# Fog light switch has two levels?



## juched (Nov 12, 2004)

Noticed that the fog light switch pulls out to turn on the fog lights and then pulls out a second level. Any idea what that does different? 

I cannot see a difference when pulled out one click vs two. 


Sent from my iPhone using Tapatalk


----------



## NoDubJustYet (Mar 25, 2002)

Two pulls out should be rear fog... Does the Canuck Atlas get a rear fog lamp?


----------



## juched (Nov 12, 2004)

NoDubJustYet said:


> Two pulls out should be rear fog... Does the Canuck Atlas get a rear fog lamp?



Rear fog?

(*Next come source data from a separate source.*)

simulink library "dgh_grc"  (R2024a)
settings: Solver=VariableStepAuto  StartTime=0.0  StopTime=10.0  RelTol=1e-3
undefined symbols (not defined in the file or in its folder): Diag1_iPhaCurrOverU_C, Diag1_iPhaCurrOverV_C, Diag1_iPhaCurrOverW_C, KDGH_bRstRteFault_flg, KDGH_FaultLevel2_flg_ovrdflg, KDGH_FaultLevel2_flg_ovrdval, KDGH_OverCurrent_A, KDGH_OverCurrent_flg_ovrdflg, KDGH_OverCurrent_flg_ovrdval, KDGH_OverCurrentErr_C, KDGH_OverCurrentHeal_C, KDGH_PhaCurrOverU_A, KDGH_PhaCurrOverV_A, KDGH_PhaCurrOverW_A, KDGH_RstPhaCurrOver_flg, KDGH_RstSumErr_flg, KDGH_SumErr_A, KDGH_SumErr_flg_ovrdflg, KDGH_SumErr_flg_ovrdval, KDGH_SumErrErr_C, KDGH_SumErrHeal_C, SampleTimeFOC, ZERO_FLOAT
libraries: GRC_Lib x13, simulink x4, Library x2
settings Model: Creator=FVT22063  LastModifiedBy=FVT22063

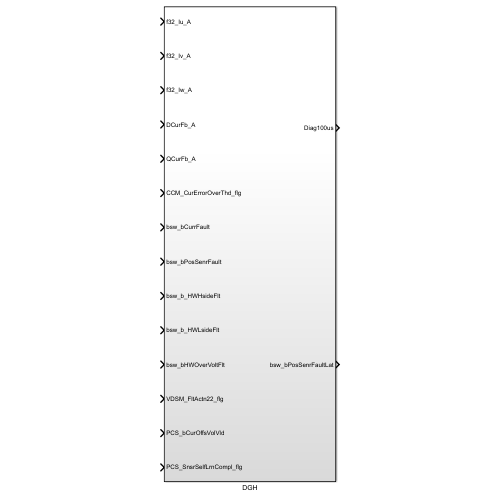
[thumbnail: Simulink's stored preview of the top-level diagram]
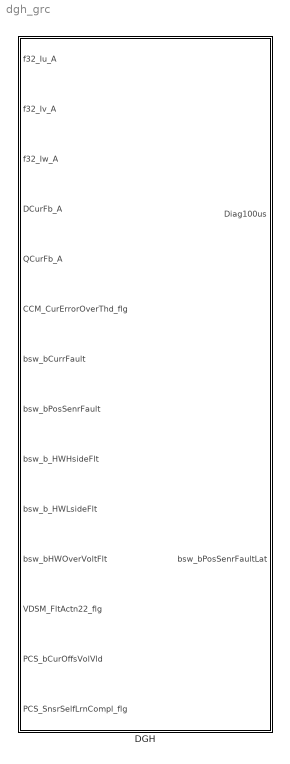
== system dgh_grc ==
  DGH : Subsystem

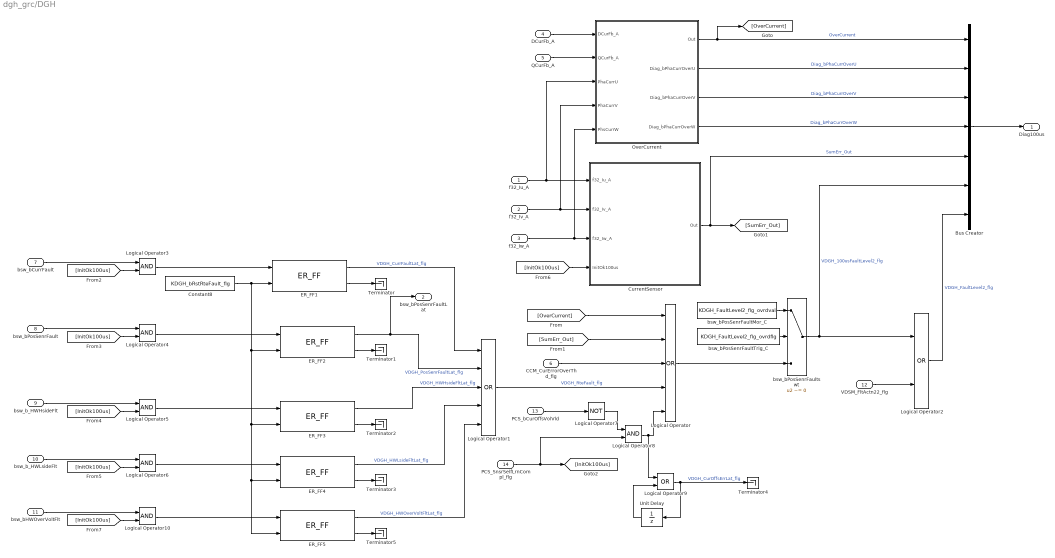
== system dgh_grc/DGH ==
  f32_Iu_A : Inport
  f32_Iv_A : Inport  Port=2
  f32_Iw_A : Inport  Port=3
  DCurFb_A : Inport  Port=4
  QCurFb_A : Inport  Port=5
  CCM_CurErrorOverThd_flg : Inport  Port=6  OutDataTypeStr=boolean
  bsw_bCurrFault : Inport  Port=7  OutDataTypeStr=boolean
  bsw_bPosSenrFault : Inport  Port=8  OutDataTypeStr=boolean
  bsw_b_HWHsideFlt : Inport  Port=9  OutDataTypeStr=boolean
  bsw_b_HWLsideFlt : Inport  Port=10  OutDataTypeStr=boolean
  bsw_bHWOverVoltFlt : Inport  Port=11  OutDataTypeStr=boolean
  VDSM_FltActn22_flg : Inport  Port=12  OutDataTypeStr=boolean
  PCS_bCurOffsVolVld : Inport  Port=13  OutDataTypeStr=boolean
  PCS_SnsrSelfLrnCompl_flg : Inport  Port=14  OutDataTypeStr=boolean
  Bus Creator : BusCreator  Inputs=7
  Constant8 : Constant  Value=KDGH_bRstRteFault_flg
  CurrentSensor : Subsystem  TreatAsAtomicUnit=on  RTWFcnName=CurrentSensor
      settings: RTWSystemCode=Nonreusable function  RTWFcnNameOpts=User specified
  ER_FF{1..5} (5 alike) : GRC_Lib/Memory/ER_FF  FalseVal=0  TrueVal=1
  Logical Operator : Logic  Operator=OR  Inputs=5  AllPortsSameDT=off  OutDataTypeStr=boolean
  Logical Operator1 : Logic  Operator=OR  Inputs=5  AllPortsSameDT=off  OutDataTypeStr=boolean
  Logical Operator{3..6,8,10} (6 alike) : Logic  AllPortsSameDT=off  OutDataTypeStr=boolean
  Logical Operator2 : Logic  Operator=OR  AllPortsSameDT=off  OutDataTypeStr=boolean
  Logical Operator7 : Logic  Operator=NOT  AllPortsSameDT=off  OutDataTypeStr=boolean
  Logical Operator9 : Logic  Operator=OR  AllPortsSameDT=off  OutDataTypeStr=boolean
  OverCurrent : Subsystem  TreatAsAtomicUnit=on  RTWFcnName=OverCurrent
      settings: RTWFcnNameOpts=User specified
  Terminator{,1..5} (6 alike) : Terminator
  Unit Delay : UnitDelay  SampleTime=-1  HasFrameUpgradeWarning=on
  bsw_bPosSenrFaultMor_C : Constant  Value=KDGH_FaultLevel2_flg_ovrdval
  bsw_bPosSenrFaultTrig_C : Constant  Value=KDGH_FaultLevel2_flg_ovrdflg
  bsw_bPosSenrFaultswt : Switch  Criteria=u2 ~= 0  SaturateOnIntegerOverflow=off  InputSameDT=off
  Diag100us : Outport  VectorParamsAs1DForOutWhenUnconnected=off
  bsw_bPosSenrFaultLat : Outport  Port=2  VectorParamsAs1DForOutWhenUnconnected=off
  wires:
  DCurFb_A/1 -> OverCurrent/1(DCurFb_A)
  QCurFb_A/1 -> OverCurrent/2(QCurFb_A)
  f32_Iu_A/1 -> OverCurrent/3(PhaCurrU), CurrentSensor/1(f32_Iu_A)
  f32_Iv_A/1 -> OverCurrent/4(PhaCurrV), CurrentSensor/2(f32_Iv_A)
  f32_Iw_A/1 -> OverCurrent/5(PhsCurrW), CurrentSensor/3(f32_Iw_A)
  Bus Creator/1 -> Diag100us/1
  CurrentSensor/1(Out) -> Bus Creator/5, [SumErr_Out]  "SumErr_Out"
  OverCurrent/1(Out) -> Bus Creator/1, [OverCurrent]  "OverCurrent"
  [OverCurrent] -> Logical Operator/1
  [SumErr_Out] -> Logical Operator/2
  bsw_bPosSenrFaultswt/1 -> Logical Operator2/1, Bus Creator/6  "VDGH_100usFaultLevel2_flg"
  OverCurrent/2(Diag_bPhaCurrOverU) -> Bus Creator/2  "Diag_bPhaCurrOverU"
  OverCurrent/3(Diag_bPhaCurrOverV) -> Bus Creator/3  "Diag_bPhaCurrOverV"
  OverCurrent/4(Diag_bPhaCurrOverW) -> Bus Creator/4  "Diag_bPhaCurrOverW"
  ER_FF1/1 -> Logical Operator1/1  "VDGH_CurrFaultLat_flg"
  Logical Operator1/1 -> Logical Operator/4  "VDGH_RteFault_flg"
  VDSM_FltActn22_flg/1 -> Logical Operator2/2
  Logical Operator2/1 -> Bus Creator/7  "VDGH_FaultLevel2_flg"
  CCM_CurErrorOverThd_flg/1 -> Logical Operator/3
  bsw_bPosSenrFaultMor_C/1 -> bsw_bPosSenrFaultswt/1
  bsw_bPosSenrFaultTrig_C/1 -> bsw_bPosSenrFaultswt/2
  Logical Operator/1 -> bsw_bPosSenrFaultswt/3
  PCS_SnsrSelfLrnCompl_flg/1 -> Logical Operator8/2, [InitOk100us]
  [InitOk100us] -> Logical Operator3/2
  [InitOk100us] -> Logical Operator4/2
  ER_FF2/1 -> bsw_bPosSenrFaultLat/1, Logical Operator1/2  "VDGH_PosSenrFaultLat_flg"
  ER_FF3/1 -> Logical Operator1/3  "VDGH_HWHsideFltLat_flg"
  [InitOk100us] -> Logical Operator5/2
  [InitOk100us] -> Logical Operator6/2
  Logical Operator6/1 -> ER_FF4/1
  PCS_bCurOffsVolVld/1 -> Logical Operator7/1
  Logical Operator7/1 -> Logical Operator8/1
  Logical Operator3/1 -> ER_FF1/1
  ER_FF1/2 -> Terminator/1
  Logical Operator4/1 -> ER_FF2/1
  ER_FF2/2 -> Terminator1/1
  Constant8/1 -> ER_FF5/2, ER_FF4/2, ER_FF3/2, ER_FF2/2, ER_FF1/2
  Logical Operator5/1 -> ER_FF3/1
  ER_FF3/2 -> Terminator2/1
  ER_FF4/1 -> Logical Operator1/4  "VDGH_HWLsideFltLat_flg"
  ER_FF4/2 -> Terminator3/1
  Logical Operator8/1 -> Logical Operator9/1, Logical Operator/5
  Logical Operator9/1 -> Terminator4/1, Unit Delay/1  "VDGH_CurOffsErrLat_flg"
  Unit Delay/1 -> Logical Operator9/2
  [InitOk100us] -> CurrentSensor/4(InitOk100us)
  bsw_bCurrFault/1 -> Logical Operator3/1
  bsw_bPosSenrFault/1 -> Logical Operator4/1
  bsw_b_HWHsideFlt/1 -> Logical Operator5/1
  bsw_b_HWLsideFlt/1 -> Logical Operator6/1
  bsw_bHWOverVoltFlt/1 -> Logical Operator10/1
  [InitOk100us] -> Logical Operator10/2
  ER_FF5/2 -> Terminator5/1
  ER_FF5/1 -> Logical Operator1/5  "VDGH_HWOverVoltFltLat_flg"
  Logical Operator10/1 -> ER_FF5/1

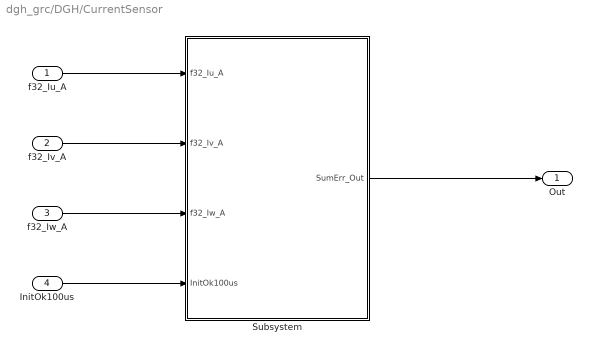
== system dgh_grc/DGH/CurrentSensor ==
  f32_Iu_A : Inport
  f32_Iv_A : Inport  Port=2
  f32_Iw_A : Inport  Port=3
  InitOk100us : Inport  Port=4  OutDataTypeStr=boolean
  Subsystem : Subsystem
  Out : Outport  VectorParamsAs1DForOutWhenUnconnected=off
  wires:
  Subsystem/1(SumErr_Out) -> Out/1
  f32_Iu_A/1 -> Subsystem/1(f32_Iu_A)
  f32_Iv_A/1 -> Subsystem/2(f32_Iv_A)
  f32_Iw_A/1 -> Subsystem/3(f32_Iw_A)
  InitOk100us/1 -> Subsystem/4(InitOk100us)

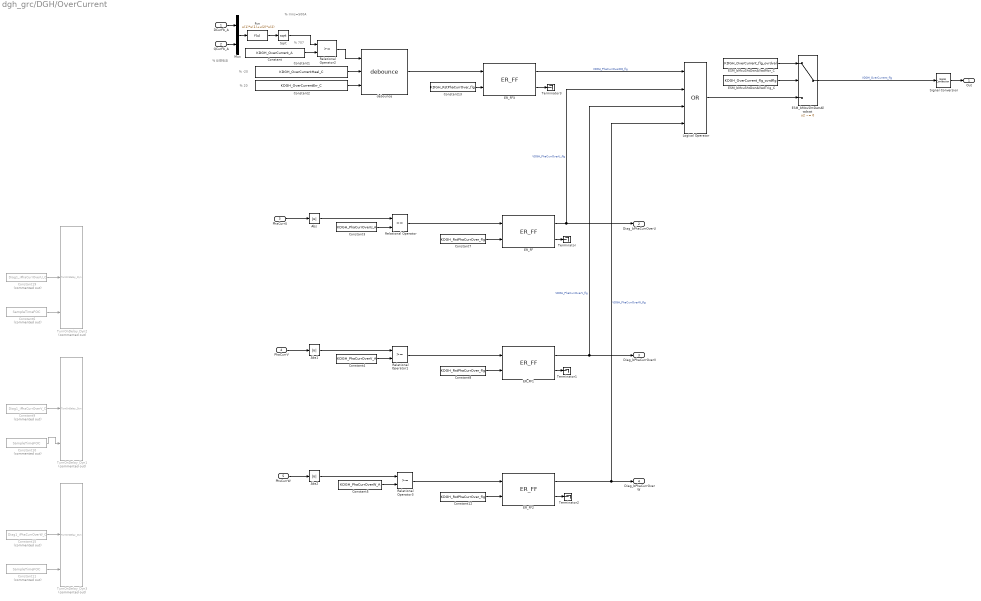
== system dgh_grc/DGH/OverCurrent ==
  note: % Irms=500A
  note: % 707
  note: % -20
  note: % 20
  note: % 反馈电流
  DCurFb_A : Inport
  QCurFb_A : Inport  Port=2
  PhaCurrU : Inport  Port=3
  PhaCurrV : Inport  Port=4
  PhsCurrW : Inport  Port=5
  Abs : Abs  SaturateOnIntegerOverflow=off
  Abs1 : Abs  SaturateOnIntegerOverflow=off
  Abs2 : Abs  SaturateOnIntegerOverflow=off
  Constant : Constant  Value=KDGH_OverCurrent_A  OutDataTypeStr=single
  Constant1 : Constant  Value=KDGH_OverCurrentHeal_C  OutDataTypeStr=int16
  Constant10 : Constant  Commented=on  Value=SampleTimeFOC
  Constant11 : Constant  Commented=on  Value=SampleTimeFOC
  Constant{7..8,12..13} (4 alike) : Constant  Value=KDGH_RstPhaCurrOver_flg
  Constant15 : Constant  Commented=on  Value=Diag1_iPhaCurrOverW_C
  Constant19 : Constant  Commented=on  Value=Diag1_iPhaCurrOverU_C
  Constant2 : Constant  Value=KDGH_OverCurrentErr_C  OutDataTypeStr=int16
  Constant3 : Constant  Value=KDGH_PhaCurrOverU_A
  Constant4 : Constant  Value=KDGH_PhaCurrOverV_A
  Constant5 : Constant  Value=KDGH_PhaCurrOverW_A
  Constant6 : Constant  Commented=on  Value=SampleTimeFOC
  Constant9 : Constant  Commented=on  Value=Diag1_iPhaCurrOverV_C
  ER_FF{,1..3} (4 alike) : GRC_Lib/Memory/ER_FF  FalseVal=0  TrueVal=1
  ESM_bMcuShtDwnAllwdMor_C : Constant  Value=KDGH_OverCurrent_flg_ovrdval
  ESM_bMcuShtDwnAllwdTrig_C : Constant  Value=KDGH_OverCurrent_flg_ovrdflg
  ESM_bMcuShtDwnAllwdswt : Switch  Criteria=u2 ~= 0  SaturateOnIntegerOverflow=off  InputSameDT=off
  Fcn : Fcn  Expr=u(1)*u(1)+u(2)*u(2)
  Logical Operator : Logic  Operator=OR  Inputs=4  AllPortsSameDT=off  OutDataTypeStr=boolean
  Mux : Mux  Inputs=2
  Relational Operator : RelationalOperator  OutDataTypeStr=boolean  RndMeth=Simplest  InputSameDT=off
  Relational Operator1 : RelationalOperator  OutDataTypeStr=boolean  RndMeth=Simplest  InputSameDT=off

What does that look like? I have never heard of rear fogs.


----------



## zedbyers (Aug 2, 2003)

juched said:


> Noticed that the fog light switch pulls out to turn on the fog lights and then pulls out a second level. Any idea what that does different?
> 
> I cannot see a difference when pulled out one click vs two.
> 
> ...


that is interesting. i have a US SEL Premium and it doesn't pull out to a second setting. was disappointed that i don't have the rear fogs in this car.


----------



## GTINC (Jan 28, 2005)

juched said:


> Rear fog? What does that look like? I have never heard of rear fogs.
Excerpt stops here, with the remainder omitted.